Work instructions — Lines with the word "PRIVATE" in them are the ones to copy from the records.

(Stored items)

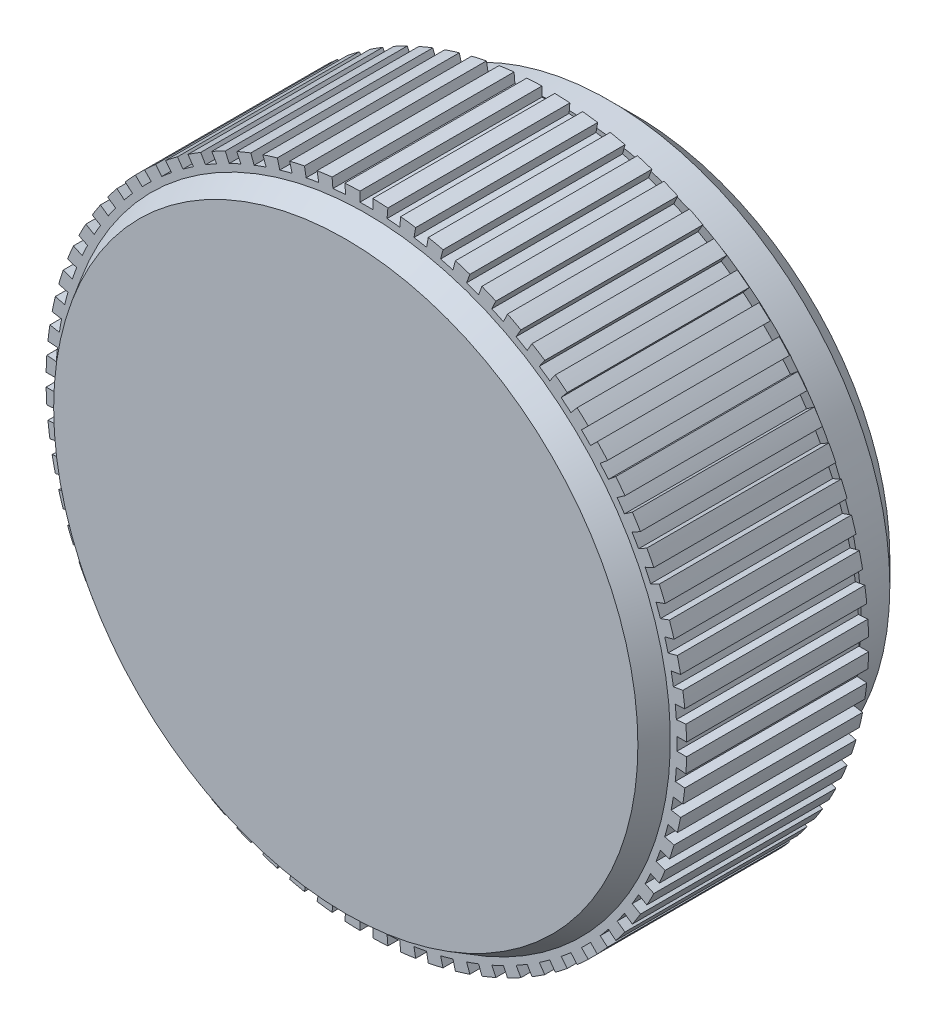
from build123d import *

# Parameters (mm, degrees)
SKETCH1_R               = 3.175
EXTRUDE1_DEPTH          = 3.175
SKETCH21_R              = 5
BOSS_EXTRUDE1_DEPTH     = 4.5
SKETCH34_R              = 5
SKETCH34_R_2            = 4.375
CUT_EXTRUDE4_DEPTH      = 1.016
CUT_EXTRUDE1_REACH      = 14.052
CUT_EXTRUDE1_END_RADIUS = 5
SKETCH22_W              = 0.2
SKETCH22_H              = 4.5
CIRPATTERN1_COUNT       = 72
CHAMFER3_SIZE           = 0.381
SKETCH35_R              = 2.75
SKETCH35_R_2            = 1.25
CUT_EXTRUDE5_DEPTH      = 1.5
SKETCH36_R              = 1.25
CUT_EXTRUDE6_DEPTH      = 3.024


with BuildPart() as part:
    # Sketch1 → Extrude1 (new body)
    with BuildSketch(Plane.XY):
        Circle(SKETCH1_R)
    extrude(amount=EXTRUDE1_DEPTH)

    # Sketch21 → Boss-Extrude1 (add)
    with BuildSketch(Plane.XY):
        Circle(SKETCH21_R)
    extrude(amount=BOSS_EXTRUDE1_DEPTH)

    # Sketch34 → Cut-Extrude4 (cut)
    with BuildSketch(Plane(origin=(0, 0, 0), x_dir=(-1, 0, 0), z_dir=(0, 0, -1))):
        Circle(SKETCH34_R)
        Circle(SKETCH34_R_2, mode=Mode.SUBTRACT)
    extrude(amount=-CUT_EXTRUDE4_DEPTH, mode=Mode.SUBTRACT)

    # Cut-Extrude1: up to this cylinder (the profile starts outside it)
    cut_extrude1_end = Plane(origin=(0, -0.15, 2.25), z_dir=(0, 0, -1)) * Cylinder(CUT_EXTRUDE1_END_RADIUS, 39.104, mode=Mode.PRIVATE)
    # Sketch22 → Cut-Extrude1 (cut, up to the surface)
    with BuildSketch(Plane(origin=(0, 5, 0), x_dir=(-1, 0, 0), z_dir=(0, 1, 0)), mode=Mode.PRIVATE) as cut_extrude1_sk1:
        with Locations((0, 2.25)):
            Rectangle(SKETCH22_W, SKETCH22_H)
    cut_extrude1_tool1 = extrude(cut_extrude1_sk1.sketch, amount=-CUT_EXTRUDE1_REACH, mode=Mode.PRIVATE) - cut_extrude1_end
    cut_extrude1 = cut_extrude1_tool1.solids().sort_by_distance((0, 5, 2.25))[0]
    add(cut_extrude1, mode=Mode.SUBTRACT)

    # CirPattern1: Cut-Extrude1 ×72 about axis
    cirpattern1_axis = Axis((0, 0, 0), (0, 0, 1))
    for i in range(1, CIRPATTERN1_COUNT):
        add(cut_extrude1.rotate(cirpattern1_axis, i * 360 / CIRPATTERN1_COUNT), mode=Mode.SUBTRACT)

    # Sketch29 → Cut-Revolve1 (revolve, cut)
    with BuildSketch(Plane(origin=(0, 0, 0), x_dir=(0, 0, -1), z_dir=(1, 0, 0)), mode=Mode.PRIVATE) as cut_revolve1_sk:
        Polygon((-4.178571429, 4.746), (-4.5, 4.560423128), (-4.5, 5.254), (-4.178571429, 5.254), align=None)
        Polygon((-1.016, 5.254), (-1.337428571, 5.254), (-1.337428571, 4.746), (-1.016, 4.560423128), align=None)
    revolve(cut_revolve1_sk.sketch.rotate(Axis((0, 0, 0), (0, 0, 1)), 90), axis=Axis((0, 0, 0), (0, 0, 1)), mode=Mode.SUBTRACT)

    # Chamfer3
    chamfer3_edges = [part.edges().sort_by_distance(p)[0] for p in [
        (4.375, 0, 0),
    ]]
    chamfer(chamfer3_edges, length=CHAMFER3_SIZE)

    # Sketch35 → Cut-Extrude5 (cut)
    with BuildSketch(Plane.XY):
        Circle(SKETCH35_R)
        Circle(SKETCH35_R_2, mode=Mode.SUBTRACT)
    extrude(amount=CUT_EXTRUDE5_DEPTH, mode=Mode.SUBTRACT)

    # Sketch36 → Cut-Extrude6 (cut)
    with BuildSketch(Plane(origin=(0, 0, 0), x_dir=(-1, 0, 0), z_dir=(0, 0, -1))):
        with Locations(Location((0, 0, 0), (0, 0, 180))):
            Circle(SKETCH36_R)
    extrude(amount=-CUT_EXTRUDE6_DEPTH, mode=Mode.SUBTRACT)


solid = part.part

Solution —
    cut_extrude1_end = Plane(origin=(0, -0.15, 2.25), z_dir=(0, 0, -1)) * Cylinder(CUT_EXTRUDE1_END_RADIUS, 39.104, mode=Mode.PRIVATE)
    with BuildSketch(Plane(origin=(0, 5, 0), x_dir=(-1, 0, 0), z_dir=(0, 1, 0)), mode=Mode.PRIVATE) as cut_extrude1_sk1:
    cut_extrude1_tool1 = extrude(cut_extrude1_sk1.sketch, amount=-CUT_EXTRUDE1_REACH, mode=Mode.PRIVATE) - cut_extrude1_end
    with BuildSketch(Plane(origin=(0, 0, 0), x_dir=(0, 0, -1), z_dir=(1, 0, 0)), mode=Mode.PRIVATE) as cut_revolve1_sk:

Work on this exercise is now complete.